→ **ASSIGNMENT**:
Search the records for the string "CIRCLE". Copy each line where it occurs.

+--

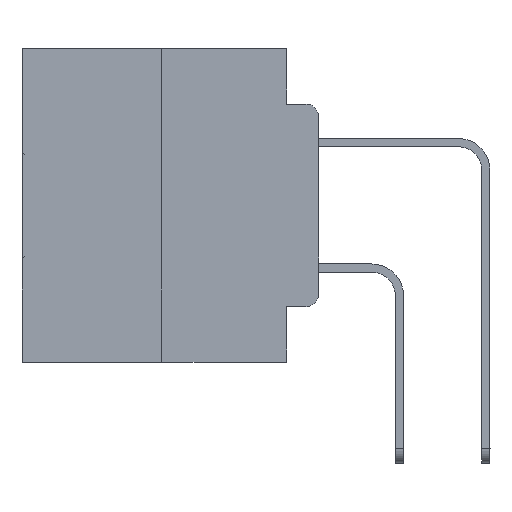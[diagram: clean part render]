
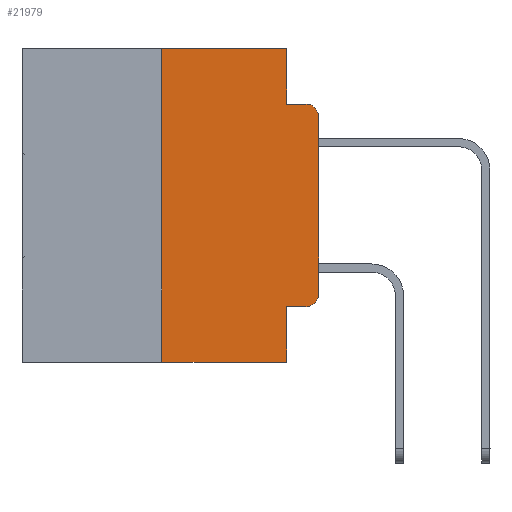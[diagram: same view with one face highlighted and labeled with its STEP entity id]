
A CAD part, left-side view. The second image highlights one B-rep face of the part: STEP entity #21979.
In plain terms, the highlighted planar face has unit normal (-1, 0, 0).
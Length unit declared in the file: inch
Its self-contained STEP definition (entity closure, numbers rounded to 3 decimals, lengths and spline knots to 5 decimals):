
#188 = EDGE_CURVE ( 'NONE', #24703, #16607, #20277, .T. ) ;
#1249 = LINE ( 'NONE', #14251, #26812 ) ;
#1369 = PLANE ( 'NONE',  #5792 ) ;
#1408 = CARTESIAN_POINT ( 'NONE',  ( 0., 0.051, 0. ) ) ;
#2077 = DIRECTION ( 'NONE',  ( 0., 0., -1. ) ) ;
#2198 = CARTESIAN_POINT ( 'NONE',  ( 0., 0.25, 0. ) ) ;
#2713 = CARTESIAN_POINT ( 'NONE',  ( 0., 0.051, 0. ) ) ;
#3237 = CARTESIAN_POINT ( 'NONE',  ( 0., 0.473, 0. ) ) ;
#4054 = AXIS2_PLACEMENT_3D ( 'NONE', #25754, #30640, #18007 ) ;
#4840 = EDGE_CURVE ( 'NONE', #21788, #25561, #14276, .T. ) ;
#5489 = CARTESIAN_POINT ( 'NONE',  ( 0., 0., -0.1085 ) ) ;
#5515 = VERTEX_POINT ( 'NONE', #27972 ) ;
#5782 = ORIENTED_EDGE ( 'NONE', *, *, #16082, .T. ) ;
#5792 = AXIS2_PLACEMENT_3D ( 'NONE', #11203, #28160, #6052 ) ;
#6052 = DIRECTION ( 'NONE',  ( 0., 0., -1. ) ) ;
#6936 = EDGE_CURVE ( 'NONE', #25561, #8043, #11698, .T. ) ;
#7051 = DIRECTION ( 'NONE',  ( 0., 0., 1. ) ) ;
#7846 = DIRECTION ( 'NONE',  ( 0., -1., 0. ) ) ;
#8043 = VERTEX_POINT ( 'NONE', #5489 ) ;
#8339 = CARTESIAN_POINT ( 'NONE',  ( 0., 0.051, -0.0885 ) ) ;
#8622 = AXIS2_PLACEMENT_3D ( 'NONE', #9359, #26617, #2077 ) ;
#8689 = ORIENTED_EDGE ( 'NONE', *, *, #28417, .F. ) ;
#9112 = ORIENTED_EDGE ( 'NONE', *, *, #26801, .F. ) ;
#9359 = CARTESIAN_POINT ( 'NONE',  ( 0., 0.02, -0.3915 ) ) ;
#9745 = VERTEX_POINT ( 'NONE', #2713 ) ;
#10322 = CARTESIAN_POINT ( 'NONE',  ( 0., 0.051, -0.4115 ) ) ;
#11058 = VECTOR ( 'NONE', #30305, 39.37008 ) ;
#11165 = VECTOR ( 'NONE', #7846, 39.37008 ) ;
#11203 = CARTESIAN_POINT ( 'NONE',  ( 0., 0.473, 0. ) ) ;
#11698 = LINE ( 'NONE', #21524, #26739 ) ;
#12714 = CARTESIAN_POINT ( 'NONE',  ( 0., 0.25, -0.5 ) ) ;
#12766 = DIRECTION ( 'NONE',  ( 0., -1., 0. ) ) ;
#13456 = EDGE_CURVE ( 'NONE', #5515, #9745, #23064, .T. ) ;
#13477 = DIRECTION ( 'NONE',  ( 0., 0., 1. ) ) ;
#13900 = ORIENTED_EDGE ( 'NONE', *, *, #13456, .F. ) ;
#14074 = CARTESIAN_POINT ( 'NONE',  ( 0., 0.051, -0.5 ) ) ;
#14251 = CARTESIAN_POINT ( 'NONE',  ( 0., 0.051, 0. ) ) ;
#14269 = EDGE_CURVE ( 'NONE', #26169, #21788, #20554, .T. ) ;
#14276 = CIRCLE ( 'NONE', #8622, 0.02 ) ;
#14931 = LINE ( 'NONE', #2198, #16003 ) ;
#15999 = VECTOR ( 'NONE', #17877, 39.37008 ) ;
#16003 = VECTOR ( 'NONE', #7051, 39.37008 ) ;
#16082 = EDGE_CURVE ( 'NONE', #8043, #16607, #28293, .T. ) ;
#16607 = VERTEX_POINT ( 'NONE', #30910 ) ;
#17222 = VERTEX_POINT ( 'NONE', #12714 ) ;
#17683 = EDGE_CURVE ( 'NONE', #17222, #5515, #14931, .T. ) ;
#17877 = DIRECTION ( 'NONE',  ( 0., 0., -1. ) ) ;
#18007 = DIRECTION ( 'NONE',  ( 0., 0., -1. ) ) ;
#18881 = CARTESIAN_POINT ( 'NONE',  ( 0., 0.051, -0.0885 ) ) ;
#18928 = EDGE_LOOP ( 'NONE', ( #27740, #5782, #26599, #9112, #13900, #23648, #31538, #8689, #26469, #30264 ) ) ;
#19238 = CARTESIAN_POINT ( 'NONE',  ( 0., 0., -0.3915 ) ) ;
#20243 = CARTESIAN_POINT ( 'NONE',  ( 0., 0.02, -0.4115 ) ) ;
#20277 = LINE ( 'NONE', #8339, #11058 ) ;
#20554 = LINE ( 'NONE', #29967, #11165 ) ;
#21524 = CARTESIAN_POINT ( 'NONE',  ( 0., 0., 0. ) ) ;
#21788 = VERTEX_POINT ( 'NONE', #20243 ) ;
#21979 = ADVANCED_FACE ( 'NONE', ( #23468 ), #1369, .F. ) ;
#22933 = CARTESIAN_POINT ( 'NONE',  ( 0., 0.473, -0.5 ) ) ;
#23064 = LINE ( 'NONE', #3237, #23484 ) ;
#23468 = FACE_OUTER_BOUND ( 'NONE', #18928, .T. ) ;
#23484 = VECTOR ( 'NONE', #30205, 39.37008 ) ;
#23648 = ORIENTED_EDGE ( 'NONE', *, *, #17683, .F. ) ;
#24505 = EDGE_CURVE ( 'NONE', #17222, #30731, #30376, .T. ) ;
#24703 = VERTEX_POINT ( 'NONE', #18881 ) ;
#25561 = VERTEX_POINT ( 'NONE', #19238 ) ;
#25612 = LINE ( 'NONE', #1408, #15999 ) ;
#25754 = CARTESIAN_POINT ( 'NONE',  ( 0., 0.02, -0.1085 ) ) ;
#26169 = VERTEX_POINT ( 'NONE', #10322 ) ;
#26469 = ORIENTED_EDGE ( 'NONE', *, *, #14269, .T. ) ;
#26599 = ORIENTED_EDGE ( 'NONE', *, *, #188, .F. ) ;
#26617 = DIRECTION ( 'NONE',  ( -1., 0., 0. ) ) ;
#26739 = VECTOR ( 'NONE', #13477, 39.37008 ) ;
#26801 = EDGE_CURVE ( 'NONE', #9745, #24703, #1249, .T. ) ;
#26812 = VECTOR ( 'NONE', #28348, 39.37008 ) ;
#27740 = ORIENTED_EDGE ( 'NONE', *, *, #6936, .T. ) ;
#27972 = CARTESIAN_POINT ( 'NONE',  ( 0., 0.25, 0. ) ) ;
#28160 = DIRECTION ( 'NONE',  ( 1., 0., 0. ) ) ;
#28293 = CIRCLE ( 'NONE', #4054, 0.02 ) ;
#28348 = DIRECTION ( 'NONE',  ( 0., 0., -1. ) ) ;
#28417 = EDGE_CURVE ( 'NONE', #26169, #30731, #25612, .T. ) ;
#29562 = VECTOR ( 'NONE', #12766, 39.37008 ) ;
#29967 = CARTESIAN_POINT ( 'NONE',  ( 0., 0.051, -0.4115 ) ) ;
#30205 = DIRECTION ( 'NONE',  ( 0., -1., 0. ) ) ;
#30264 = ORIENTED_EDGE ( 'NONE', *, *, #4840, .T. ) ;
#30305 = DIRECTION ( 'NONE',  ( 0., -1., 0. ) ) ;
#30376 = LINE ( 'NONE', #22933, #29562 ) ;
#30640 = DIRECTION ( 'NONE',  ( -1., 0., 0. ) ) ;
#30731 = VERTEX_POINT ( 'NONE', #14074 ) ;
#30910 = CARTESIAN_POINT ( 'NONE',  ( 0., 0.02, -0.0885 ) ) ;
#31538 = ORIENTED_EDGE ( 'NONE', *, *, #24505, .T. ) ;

+--

→ **RESULT**:
#14276 = CIRCLE ( 'NONE', #8622, 0.02 ) ;
#28293 = CIRCLE ( 'NONE', #4054, 0.02 ) ;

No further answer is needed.